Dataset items
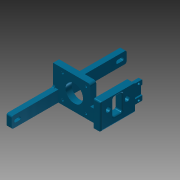
# Autodesk Inventor part: X-Axis-Stepper-Plate
Saved by Autodesk Inventor 2014 SP1 (Build 180222100, 222)
## iProperties
Created: 2016-11-26
Part Number: X-Axis-Stepper-Plate
Material: Generic
Document SubType Name: Modeling
Designer: danielsikar
Density: 1 g/cm^3
Appearance: Sky Blue Dark
Author: danielsikar
Autodesk Inventor part; units mm, degrees
ref_plane "YZ Plane" through (0, 0, 0) normal (1, 0, 0) x (0, 1, 0)
sketch "Sketch1" plane through (0, 0, 0) normal (0, 0, 1) x (1, 0, 0)
  line L0 (43.9253, 0) -> (44, 0)
  line L1 (44, 65) -> (43.9253, 65)
  line L2 (53.9253, 65) -> (63.8472, 65)
  line L3 (63.8472, 0) -> (53.9253, 0)
  line L4 (53.9253, 0) -> (43.9253, 0)
  line L5 (44, 65) -> (44, 65.0621)
  line L6 (53.9253, 65) -> (43.9253, 65)
  arc A0 (63.8472, 65) -> (63.8472, 0) centre (91, 32.5) ccw
  line L7 (44, 65) -> (0, 65)
  line L8 (0, 65) -> (0, 0)
  line L9 (0, 0) -> (44, 0)
  arc A1 (44, 65.0621) -> (43.9253, 65) centre (71, 32.5) ccw
  line L10 (28.7, 32.5) -> (137.8108, 32.5) construction
  arc A2 (44, 65.0621) -> (43.9253, 65) centre (71, 32.5) ccw construction
  arc A3 (48.298, 51.6795) -> (46.5893, 47.865) centre (86, 32.5) ccw
  line L11 (46.65, 11) -> (56.0681, 11) construction
  circle A4 centre (49.5714, 11) radius 2 construction
  circle A5 centre (49.5714, 11) radius 2
  line L12 (48.65, 49.7107) -> (40.3907, 49.7107) construction
  circle A6 centre (47.3596, 49.7107) radius 2
  arc A7 (48.298, 51.6795) -> (48.0048, 51.6038) centre (48.65, 49.7107) ccw
  dimension "d11" = 11
  dimension "d12" = 84.6
  dimension "d14" = 4
  dimension "d15" = 4
  dimension "d16" = 4
  constraints: 26 end point, 14 point on circle, 8 centre point, 8 point on line, 5 parallel, 3 horizontal, 3 perpendicular, 2 coincident, 1 collinear
  measures "d11" distance from line of L11.start L4
  measures "d12" diameter of A3
  measures "d14" diameter of A4
  measures "d15" diameter of A5
  measures "d16" diameter of A6
extrude "Extrusion1" add sketch "Sketch1" along normal blind 3 contours L9 L8 L7 L1 L6 L2 A0 L3 L4 L0
sketch "Sketch2" plane through (0, 0, 3) normal (0, 0, 1) x (1, 0, 0)
  line L0 (0, 0) -> (63.8472, 0) projected
  line L1 (10.072, 55) -> (20.072, 55)
  line L2 (20.072, 55) -> (20.072, 10)
  line L3 (20.072, 10) -> (10.072, 10)
  line L4 (10.072, 10) -> (10.072, 55)
  dimension "d19" = 10
  dimension "d20" = 45
  dimension "d21" = 10
  constraints: 8 end point, 2 parallel, 1 horizontal, 1 perpendicular
  measures "d19" distance of L2.end L3.end
  measures "d20" distance of L1.end L2.end
  measures "d21" distance between parallel lines of L0 L3
extrude "Extrusion2" add sketch "Sketch2" along normal blind 34
fillet "Fillet3" radius 1 3 edges at (10.072, 32.5, 37) (10.072, 10, 20) (10.072, 55, 20)
ref_plane "Work Plane1" through (0, 45, 0) normal (0, 1, 0) x (-1, 0, 0)
sketch "Sketch7" plane through (20.072, 7.6056, 3) normal (1, 0, 0) x (0, 0, -1)
  circle A0 centre (-21, 37.3944) radius 3
  line L0 (-6, 47.3944) -> (-28, 47.3944) projected
  line L1 (3, -7.6056) -> (3, 57.3944) projected
  circle A1 centre (-21, 12.3944) radius 3
  line L2 (-28, 2.3944) -> (-6, 2.3944) projected
  point P0 (3, -6.6056)
  dimension "d48" = 6
  dimension "d50" = 10
  dimension "d51" = 24
  dimension "d52" = 6
  dimension "d53" = 10
  constraints: 2 centre point
  measures "d48" diameter of A0
  measures "d50" distance from line of A0.centre L0
  measures "d51" distance from line of L1 A0.centre
  measures "d52" diameter of A1
  measures "d53" distance from line of A1.centre L2
extrude "Extrusion4" cut sketch "Sketch7" against normal blind 10
sketch "Sketch11" plane through (10.072, 7.6056, 3) normal (-1, 0, 0) x (0, 0, 1)
  line L0 (31, 30.8944) -> (9, 30.8944)
  line L1 (9, 30.8944) -> (9, 18.8944)
  line L2 (9, 18.8944) -> (31, 18.8944)
  line L3 (31, 18.8944) -> (31, 30.8944)
  line L4 (0, 2.3944) -> (34, 2.3944) projected
  line L5 (34, 2.3944) -> (34, 47.3944) projected
  point P0 (-3, -7.6056)
  point P1 (6, 2.3944)
  point P2 (28, 2.3944)
  point P3 (34, 8.3944)
  point P4 (34, 41.3944)
  dimension "d68" = 22
  dimension "d69" = 12
  dimension "d70" = 16.5
  dimension "d71" = 3
  constraints: 8 end point, 2 parallel, 1 horizontal, 1 perpendicular
  measures "d68" distance of L2.end L1.end
  measures "d69" distance of L1.end L0.end
  measures "d70" distance between parallel lines of L2 L4
  measures "d71" distance between parallel lines of L3 L5
extrude "Extrusion7" cut sketch "Sketch11" against normal blind 10
fillet "Fillet6" radius 2 4 edges at (15.072, 38.5, 34) (15.072, 26.5, 34) (15.072, 38.5, 12) (15.072, 26.5, 12)
fillet "Fillet7" radius 2 2 edges at (0, 0, 1.5) (0, 65, 1.5)
fillet "Fillet8" radius 2 19 edges at (10.072, 37.9142, 12.5858) (10.072, 38.5, 23) (10.072, 37.9142, 33.4142) (10.072, 32.5, 34) (10.072, 27.0858, 33.4142) (10.072, 26.5, 23) (10.072, 27.0858, 12.5858) (10.072, 32.5, 12) (20.072, 27.0858, 12.5858) (20.072, 26.5, 23) (20.072, 27.0858, 33.4142) (20.072, 32.5, 34) (20.072, 37.9142, 33.4142) (20.072, 38.5, 23) (20.072, 37.9142, 12.5858) (20.072, 32.5, 12) (0, 32.5, 3) (0.5858, 0.5858, 3) (32.9236, 0, 3)
ref_plane "Work Plane4" through (0, 20, 0) normal (0, 1, 0) x (-1, 0, 0)
sketch "Sketch16" plane through (0, 20, 0) normal (0, 1, 0) x (-1, 0, 0)
  circle A0 centre (20.928, 24) radius 11.5 projected
  circle A1 centre (5.428, 8.5) radius 1.5 projected
  circle A2 centre (5.5, 39.5) radius 1.5 projected
  circle A3 centre (36.5, 39.5) radius 1.5 projected
  circle A4 centre (36.5, 8.5) radius 1.5 projected
  line L0 (-2.072, 17.4131) -> (-8.072, 17.4131) projected
  arc A5 (-2.072, 17.4131) -> (1.928, 21.4131) centre (-2.072, 21.4131) ccw projected
  line L1 (1.928, 43) -> (1.928, 21.4131) projected
  line L2 (39.928, 43) -> (1.928, 43) projected
  line L3 (39.928, 5) -> (39.928, 43) projected
  line L4 (-8.072, 5) -> (39.928, 5) projected
  line L5 (-8.072, 17.4131) -> (-8.072, 5) projected
  line L6 (41.928, 43) -> (41.928, 5) projected
  line L7 (40, 0) -> (2, 0) projected
  line L8 (1.928, 45) -> (39.928, 45) projected
  line L9 (-0.072, 21.4131) -> (-0.072, 43) projected
  line L10 (-8.072, 19.4131) -> (-2.072, 19.4131) projected
  line L11 (-8.072, 17.4131) -> (-10.072, 17.4131) projected
  line L12 (-8.072, 17.4131) -> (-8.072, 5) projected
  line L13 (-8.072, 5) -> (-10.072, 3) projected
  line L14 (-10.072, 3) -> (-10.072, 17.4131) projected
  line L15 (-10.072, 9) -> (-10.072, 9) projected
  line L16 (-10.072, 19.4131) -> (-10.072, 3)
  line L17 (-2.072, 3) -> (-2.072, 0)
  line L18 (-2.072, 0) -> (2, 0)
  line L19 (40, 0) -> (41.928, 0)
  line L20 (41.928, 0) -> (41.928, 5)
  line L21 (-10.072, 19.4131) -> (-8.072, 19.4131)
  line L22 (-0.072, 21.4131) -> (-0.072, 19.4131)
  line L23 (-0.072, 19.4131) -> (-2.5925, 19.4131)
  line L24 (-0.072, 43) -> (-0.072, 45)
  line L25 (-0.072, 45) -> (1.928, 45)
  line L26 (39.928, 45) -> (41.928, 45)
  line L27 (41.928, 45) -> (41.928, 43)
  line L28 (-2.072, 3) -> (-10.072, 3)
  point P0 (0, 0)
  constraints: 26 end point, 8 perpendicular, 2 collinear, 1 parallel, 1 point on line, 1 vertical alignment
extrude "Extrusion10" add sketch "Sketch16" against normal blind 4
sketch "Sketch19" plane through (20.072, 7.6056, 3) normal (1, 0, 0) x (0, 0, -1)
  line L0 (-3.7088, 62.8117) -> (27.2078, 62.8117)
  line L1 (27.2078, 62.8117) -> (27.2078, -18.0977)
  line L2 (27.2078, -18.0977) -> (-3.7088, -18.0977)
  line L3 (-3.7088, -18.0977) -> (-3.7088, 62.8117)
  point P0 (3, -7.6056)
  constraints: 8 end point, 2 parallel, 1 horizontal, 1 perpendicular
extrude "Extrusion12" cut sketch "Sketch19" along normal through all
sketch "Sketch20" plane through (10.072, 11, 9) normal (-1, 0, 0) x (0, 0, 1)
  line L0 (-6, -16.1628) -> (-14.1646, -16.1628)
  line L1 (-14.1646, -16.1628) -> (-14.1646, 55.9477)
  line L2 (-14.1646, 55.9477) -> (-6, 55.9477)
  line L3 (-6, 55.9477) -> (-6, -16.1628)
  point P0 (-9, -11)
  constraints: 8 end point, 2 parallel, 1 horizontal, 1 perpendicular
extrude "Extrusion13" cut sketch "Sketch20" along normal through all both and the other way through all
sketch "Sketch22" plane through (-41.928, 16, 45) normal (-1, 0, 0) x (0, 0, 1)
  line L0 (-42, 4) -> (-42, 0) projected
  line L1 (0, 0) -> (-42, 0) projected
  line L2 (-42, 4) -> (0, 4)
  line L3 (0, 4) -> (0, 0)
  line L4 (0, 0) -> (-42, 0)
  line L5 (-42, 0) -> (-42, 4)
  point P0 (-45, -16)
  constraints: 8 end point, 2 parallel, 1 horizontal, 1 perpendicular
extrude "Extrusion15" add sketch "Sketch22" along normal blind 4
sketch "Sketch23" plane through (0, 16, 0) normal (0, -1, 0) x (1, 0, 0)
  line L0 (-45.928, 3) -> (-41.928, 3)
  line L1 (-41.928, 3) -> (-41.928, 18)
  line L2 (-41.928, 18) -> (-45.928, 18)
  line L3 (-45.928, 18) -> (-45.928, 3)
  point P0 (0, 0)
  dimension "d103" = 4
  dimension "d104" = 15
  constraints: 8 end point, 2 parallel, 1 horizontal, 1 perpendicular
  measures "d103" distance of L2.end L1.end
  measures "d104" distance of L1.end L0.end
extrude "Extrusion16" add sketch "Sketch23" along normal blind 54.5
sketch "Sketch24" plane through (0, 20, 0) normal (0, 1, 0) x (1, 0, 0)
  line L0 (-45.928, -3) -> (-41.928, -3)
  line L1 (-41.928, -3) -> (-41.928, -18)
  line L2 (-41.928, -18) -> (-45.928, -18)
  line L3 (-45.928, -18) -> (-45.928, -3)
  point P0 (0, 0)
  dimension "d107" = 4
  dimension "d108" = 15
  constraints: 8 end point, 2 parallel, 1 horizontal, 1 perpendicular
  measures "d107" distance of L1.end L2.end
  measures "d108" distance of L0.end L1.end
extrude "Extrusion17" add sketch "Sketch24" along normal blind 85
fillet "Fillet11" radius 3 2 edges at (-43.928, 105, 3) (-43.928, 105, 18)
fillet "Fillet12" radius 3 1 edges at (0.072, 18, 45)
fillet "Fillet13" radius 2 4 edges at (20.072, 10, 20) (10.3649, 10.2929, 36.7071) (15.572, 10, 37) (20.072, 32.5, 3)
fillet "Fillet14" radius 3 1 edges at (10.072, 16, 11.2065)
sketch "Sketch25" plane through (-41.928, -35.5, 3) normal (1, 0, 0) x (0, 0, -1)
  line L0 (0, -3) -> (-15, -3) projected
  arc A0 (-9.5, 1) -> (-5.5, 1) centre (-7.5, 1) ccw
  arc A1 (-5.5, 138.5) -> (-9.5, 138.5) centre (-7.5, 138.5) ccw
  line L1 (-12, 140.5) -> (-3, 140.5) projected
  arc A2 (-9.5, 135.5) -> (-5.5, 135.5) centre (-7.5, 135.5) ccw
  line L2 (-9.5, 138.5) -> (-9.5, 135.5)
  line L3 (-5.5, 135.5) -> (-5.5, 138.5)
  arc A3 (-5.5, 4) -> (-9.5, 4) centre (-7.5, 4) ccw
  line L4 (-5.5, 1) -> (-5.5, 4)
  line L5 (-9.5, 4) -> (-9.5, 1)
  point P0 (-3, -3)
  point P1 (-12, -3)
  point P2 (3, 35.5)
  dimension "d115" = 4
  dimension "d116" = 4
  dimension "d117" = 4
  dimension "d118" = 2
  dimension "d119" = 4
  dimension "d120" = 3
  dimension "d125" = 4
  dimension "d126" = 3
  constraints: 8 end point, 8 point on circle, 6 tangent, 4 centre point
  measures "d115" diameter of A0
  measures "d116" distance from line of A0.centre L0
  measures "d117" diameter of A1
  measures "d118" distance from line of L1 A1.centre
  measures "d119" diameter of A2
  measures "d120" distance of A1.centre A2.centre
  measures "d125" diameter of A3
  measures "d126" distance of A3.centre A0.centre
extrude "Extrusion19" cut sketch "Sketch25" against normal blind 50
sketch "Sketch26" plane through (20.072, 12, 37) normal (1, 0, 0) x (0, 0, -1)
  circle A0 centre (13, 8) radius 3 projected
  circle A1 centre (13, 33) radius 3 projected
  circle A2 centre (13, 33) radius 3.25
  circle A3 centre (13, 8) radius 3.25
  point P0 (37, -12)
  dimension "d127" = 6.5
  dimension "d128" = 6.5
  constraints: 2 centre point, 2 coincident
  measures "d127" diameter of A2
  measures "d128" diameter of A3
extrude "Extrusion20" cut sketch "Sketch26" against normal blind 10
sketch "Sketch27" plane through (20.072, 55, 37) normal (1, 0, 0) x (0, 0, -1)
  circle A0 centre (13, -10) radius 3.25 projected
  line L0 (32, 0) -> (0, 0) projected
  line L1 (0.9, 0) -> (25.1, 0)
  line L2 (25.1, 0) -> (25.1, 10)
  line L3 (25.1, 10) -> (0.9, 10)
  line L4 (0.9, 10) -> (0.9, 0)
  circle A1 centre (3.45, 5.4) radius 1.6
  circle A2 centre (22.55, 5.4) radius 1.6
  point P0 (34, 0)
  point P1 (37, -55)
  point P2 (2, 0)
  dimension "d131" = 24.2
  dimension "d132" = 10
  dimension "d133" = 12.1
  dimension "d134" = 3.2
  dimension "d135" = 5.4
  dimension "d136" = 9.55
  dimension "d137" = 3.2
  dimension "d138" = 9.55
  constraints: 8 end point, 2 centre point, 2 parallel, 1 horizontal, 1 perpendicular, 1 point on line
  measures "d131" distance of L3.end L2.end
  measures "d132" distance of L2.end L1.end
  measures "d133" distance from line of A0.centre L4
  measures "d134" diameter of A1
  measures "d135" distance from line of A1.centre L0
  measures "d136" horizontal distance of A0.centre A1.centre
  measures "d137" diameter of A2
  measures "d138" horizontal distance of A2.centre A0.centre
extrude "Extrusion21" add sketch "Sketch27" against normal blind 5 contours L0 L4 L3 L2
sketch "Sketch28" plane through (20.072, 12, 3) normal (1, 0, 0) x (0, 0, -1)
  circle A0 centre (-30.55, 48.4) radius 1.6 projected
  line L0 (-8.9, 53) -> (-33.1, 53) projected
  line L1 (-27, 53) -> (-15, 53)
  line L2 (-15, 53) -> (-15, 43)
  line L3 (-15, 43) -> (-27, 43)
  line L4 (-27, 43) -> (-27, 53)
  point P0 (3, -12)
  dimension "d141" = 12
  dimension "d142" = 10
  dimension "d143" = 3.55
  constraints: 8 end point, 2 parallel, 1 horizontal, 1 perpendicular, 1 point on line
  measures "d141" distance of L2.end L3.end
  measures "d142" distance of L1.end L2.end
  measures "d143" distance from line of L4 A0.centre
extrude "Extrusion22" cut sketch "Sketch28" against normal blind 2 contours L2 L3 L4 L0
fillet "Fillet16" radius 1 8 edges at (15.072, 65, 24) (15.072, 60, 11.9) (17.572, 65, 11.9) (17.572, 65, 36.1) (15.072, 60, 36.1) (15.072, 55, 24) (10.3649, 54.7071, 36.7071) (15.572, 55, 37)
sketch "Sketch31" plane through (-45.928, 16, 45) normal (-1, 0, 0) x (0, 0, 1)
  line L0 (-32.5, -47.5) -> (-32.5, -50.5) projected
  arc A0 (-36.5, -50.5) -> (-32.5, -50.5) centre (-34.5, -50.5) ccw projected
  line L1 (-36.5, -50.5) -> (-36.5, -47.5) projected
  arc A1 (-32.5, -47.5) -> (-36.5, -47.5) centre (-34.5, -47.5) ccw projected
  line L2 (-36.5, 84) -> (-36.5, 87) projected
  arc A2 (-32.5, 87) -> (-36.5, 87) centre (-34.5, 87) ccw projected
  line L3 (-32.5, 87) -> (-32.5, 84) projected
  arc A3 (-36.5, 84) -> (-32.5, 84) centre (-34.5, 84) ccw projected
  line L4 (-3, 4) -> (-3, 0) projected
  line L5 (0, 4) -> (-27, 4) projected
  arc A4 (-27, 7) -> (-24, 4) centre (-24, 7) ccw projected
  line L6 (-27, 4) -> (-27, 86) projected
  arc A5 (-27, 86) -> (-30, 89) centre (-30, 86) ccw projected
  line L7 (-39, 89) -> (-30, 89) projected
  arc A6 (-39, 89) -> (-42, 86) centre (-39, 86) ccw projected
  line L8 (-42, -54.5) -> (-42, 86) projected
  arc A7 (-42, -51.5) -> (-39, -54.5) centre (-39, -51.5) ccw projected
  line L9 (-27, -54.5) -> (-42, -54.5) projected
  arc A8 (-30, -54.5) -> (-27, -51.5) centre (-30, -51.5) ccw projected
  line L10 (-27, 0) -> (-27, -54.5) projected
  arc A9 (-24, 0) -> (-27, -3) centre (-24, -3) ccw projected
  line L11 (-27, 0) -> (0, 0) projected
  point P0 (-45, -16)
extrude "Extrusion26" add sketch "Sketch31" along normal blind 3 contours L0 A0 L1 A1 | L7 A5 L6 L5 L4 L11 L10 A8 L9 A7 L8 A6 | L2 A2 L3 A3 | A4 L5 L6 | L10 L11 A9
sketch "Sketch32" plane through (0, 20, 0) normal (0, 1, 0) x (1, 0, 0)
  arc A0 (-2.928, -45) -> (0.072, -42) centre (-2.928, -42) ccw projected
  line L0 (0.072, -42) -> (0.072, -19.4131) projected
  line L1 (0.072, -19.4131) -> (10.072, -19.4131) projected
  line L2 (10.072, -3) -> (10.072, -19.4131) projected
  line L3 (10.072, -3) -> (-41.928, -3) projected
  line L4 (-41.928, -3) -> (-41.928, -18) projected
  line L5 (-41.928, -18) -> (-45.928, -18) projected
  line L6 (-45.928, -21) -> (-45.928, -18) projected
  line L7 (-45.928, -21) -> (-48.928, -21) projected
  line L8 (-48.928, -42) -> (-48.928, -21) projected
  line L9 (-45.928, -42) -> (-48.928, -42) projected
  arc A1 (-45.928, -42) -> (-42.928, -45) centre (-42.928, -42) ccw projected
  line L10 (-45.928, -45) -> (-2.928, -45) projected
  circle A2 centre (-20.928, -24) radius 11.5 projected
  circle A3 centre (-36.5, -8.5) radius 1.5 projected
  circle A4 centre (-36.5, -39.5) radius 1.5 projected
  circle A5 centre (-5.5, -39.5) radius 1.5 projected
  circle A6 centre (-5.428, -8.5) radius 1.5 projected
  point P0 (0, 0)
extrude "Extrusion27" add sketch "Sketch32" along normal blind 4
sketch "Sketch33" plane through (-45.928, 20, 21) normal (-1, 0, 0) x (0, 0, 1)
  arc A0 (-3, 3) -> (0, 0) centre (0, 3) ccw projected
  line L0 (0, 0) -> (0, 4) projected
  line L1 (-3, 4) -> (0, 4) projected
  line L2 (-3, 3) -> (-3, 4) projected
  point P0 (-21, -20)
extrude "Extrusion28" add sketch "Sketch33" along normal blind 3
sketch "Sketch34" plane through (0, 20, 0) normal (0, 1, 0) x (1, 0, 0)
  arc A0 (-45.928, -42) -> (-42.928, -45) centre (-42.928, -42) ccw projected
  line L0 (-45.928, -45) -> (-45.928, -42) projected
  line L1 (-45.928, -45) -> (-42.928, -45) projected
  point P0 (0, 0)
extrude "Extrusion29" add sketch "Sketch34" along normal blind 4
sketch "Sketch35" plane through (-45.928, 16, 45) normal (-1, 0, 0) x (0, 0, 1)
  line L0 (-3, 8) -> (-3, 0) projected
  line L1 (-3, 0) -> (0, 0) projected
  line L2 (0, 0) -> (0, 8) projected
  line L3 (-3, 8) -> (0, 8) projected
  point P0 (-45, -16)
extrude "Extrusion30" add sketch "Sketch35" along normal blind 3
sketch "Sketch36" plane through (-45.928, 16, 45) normal (1, 0, 0) x (0, 0, -1)
  line L0 (36.5, -50.5) -> (36.5, -47.5) projected
  arc A0 (36.5, -47.5) -> (32.5, -47.5) centre (34.5, -47.5) ccw projected
  line L1 (32.5, -47.5) -> (32.5, -50.5) projected
  arc A1 (32.5, -50.5) -> (36.5, -50.5) centre (34.5, -50.5) ccw projected
  point P0 (45, -16)
extrude "Extrusion31" cut sketch "Sketch36" against normal through all
sketch "Sketch37" plane through (-45.928, 16, 45) normal (1, 0, 0) x (0, 0, -1)
  line L0 (32.5, 87) -> (32.5, 84) projected
  arc A0 (32.5, 84) -> (36.5, 84) centre (34.5, 84) ccw projected
  line L1 (36.5, 84) -> (36.5, 87) projected
  arc A1 (36.5, 87) -> (32.5, 87) centre (34.5, 87) ccw projected
  point P0 (45, -16)
extrude "Extrusion32" cut sketch "Sketch37" against normal through all
sketch "Sketch38" plane through (-45.928, 16, 45) normal (-1, 0, 0) x (0, 0, 1)
  arc A0 (-30, -54.5) -> (-27, -51.5) centre (-30, -51.5) ccw projected
  line L0 (-27, -54.5) -> (-30, -54.5) projected
  line L1 (-27, -51.5) -> (-27, -54.5) projected
  point P0 (-45, -16)
extrude "Extrusion33" add sketch "Sketch38" along normal blind 3
sketch "Sketch39" plane through (-45.928, 16, 45) normal (-1, 0, 0) x (0, 0, 1)
  arc A0 (-42, -51.5) -> (-39, -54.5) centre (-39, -51.5) ccw projected
  line L0 (-42, -54.5) -> (-42, -51.5) projected
  line L1 (-39, -54.5) -> (-42, -54.5) projected
  point P0 (-45, -16)
extrude "Extrusion34" add sketch "Sketch39" along normal blind 3
sketch "Sketch40" plane through (0, -38.5, 0) normal (0, -1, 0) x (1, 0, 0)
  line L0 (-41.928, 3) -> (-48.928, 3) projected
  line L1 (-41.928, 3) -> (-41.928, 18) projected
  line L2 (-41.928, 18) -> (-48.928, 18) projected
  line L3 (-48.928, 3) -> (-48.928, 18) projected
  point P0 (0, 0)
extrude "Extrusion35" add sketch "Sketch40" along normal blind 7.07
sketch "Sketch47" plane through (-41.928, 16, 18) normal (1, 0, 0) x (0, 0, -1)
  line L0 (5.5, -50.3679) -> (9.5, -50.3679)
  line L1 (9.5, -50.3679) -> (9.5, -58.3927)
  line L2 (9.5, -58.3927) -> (5.5, -58.3927)
  line L3 (5.5, -58.3927) -> (5.5, -50.3679)
  point P0 (18, -16)
  constraints: 8 end point, 2 parallel, 1 horizontal, 1 perpendicular
extrude "Extrusion41" cut sketch "Sketch47" against normal blind 7
sketch "Sketch48" plane through (-41.928, 16, 18) normal (1, 0, 0) x (0, 0, -1)
  line L0 (0, 0) -> (15, 0) projected
  line L1 (0, 0) -> (0, -61.57) projected
  line L2 (15, -61.57) -> (0, -61.57) projected
  line L3 (15, 0) -> (15, -61.57) projected
  line L4 (9.5, -47.5) -> (9.5, -58.3927) projected
  line L5 (9.5, -58.3927) -> (5.5, -58.3927) projected
  line L6 (5.5, -58.3927) -> (5.5, -47.5) projected
  arc A0 (9.5, -47.5) -> (5.5, -47.5) centre (7.5, -47.5) ccw projected
  line L7 (4.3327, -43.4599) -> (11.2879, -43.4599)
  line L8 (11.2879, -43.4599) -> (11.2879, -49.683)
  line L9 (11.2879, -49.683) -> (4.3327, -49.683)
  line L10 (4.3327, -49.683) -> (4.3327, -43.4599)
  point P0 (18, -16)
  constraints: 8 end point, 2 parallel, 1 horizontal, 1 perpendicular
extrude "Extrusion42" add sketch "Sketch48" against normal blind 7 contours L0 L3 L2 L1 | A0 L6 L9 L10 L7 L8 L4 | L4 L9 L6 A0
fillet "Fillet18" radius 2 4 edges at (-45.428, -42.3927, 12.5) (-45.428, -33.683, 12.5) (-45.428, -42.3927, 8.5) (-45.428, -33.683, 8.5)
sketch "Sketch50" plane through (-41.928, 100, 8.5) normal (1, 0, 0) x (0, 0, -1)
  arc A0 (0, 3) -> (-2, 5) centre (-2, 3) ccw projected
  line L0 (0, 3) -> (0, 0) projected
  arc A1 (-4, 0) -> (0, 0) centre (-2, 0) ccw projected
  line L1 (-4, 0) -> (-4, 3) projected
  arc A2 (-2, 5) -> (-4, 3) centre (-2, 3) ccw projected
  line L2 (-9.5, -76) -> (-9.5, 2) projected
  line L3 (-9.5, -2.8552) -> (5.5, -2.8552)
  line L4 (5.5, -2.8552) -> (5.5, 6.0836)
  line L5 (5.5, 6.0836) -> (-9.5, 6.0836)
  line L6 (-9.5, 6.0836) -> (-9.5, -2.8552)
  point P0 (8.5, -100)
  constraints: 8 end point, 2 parallel, 1 horizontal, 1 perpendicular, 1 point on line
extrude "Extrusion43" add sketch "Sketch50" against normal blind 7 contours L0 A1 L1 A2 A0 | L2 L6 L5 L4 L3
sketch "Sketch51" plane through (-41.928, 24, 18) normal (1, 0, 0) x (0, 0, -1)
  line L0 (5.25, 68.3482) -> (9.75, 68.3482)
  line L1 (9.75, 68.3482) -> (9.75, 78.5737)
  line L2 (9.75, 78.5737) -> (5.25, 78.5737)
  line L3 (5.25, 78.5737) -> (5.25, 68.3482)
  point P0 (18, -24)
  constraints: 8 end point, 2 parallel, 1 horizontal, 1 perpendicular
extrude "Extrusion44" cut sketch "Sketch51" against normal blind 7
fillet "Fillet19" radius 2 4 edges at (-45.428, 92.3482, 8.25) (-45.428, 102.5737, 8.25) (-45.428, 102.5737, 12.75) (-45.428, 92.3482, 12.75)
fillet "Fillet20" radius 2 4 edges at (-45.428, -45.57, 3) (-45.428, -45.57, 18) (-45.428, 106.0836, 18) (-45.428, 106.0836, 3)
body "Solid1"

_Required work_
From the line holding "arc A0 (-2.928, -45)" to the line holding "line L7 (-45.928, -21)", inclusive, restate each line above exactly as written.

_Written response_
  arc A0 (-2.928, -45) -> (0.072, -42) centre (-2.928, -42) ccw projected
  line L0 (0.072, -42) -> (0.072, -19.4131) projected
  line L1 (0.072, -19.4131) -> (10.072, -19.4131) projected
  line L2 (10.072, -3) -> (10.072, -19.4131) projected
  line L3 (10.072, -3) -> (-41.928, -3) projected
  line L4 (-41.928, -3) -> (-41.928, -18) projected
  line L5 (-41.928, -18) -> (-45.928, -18) projected
  line L6 (-45.928, -21) -> (-45.928, -18) projected
  line L7 (-45.928, -21) -> (-48.928, -21) projected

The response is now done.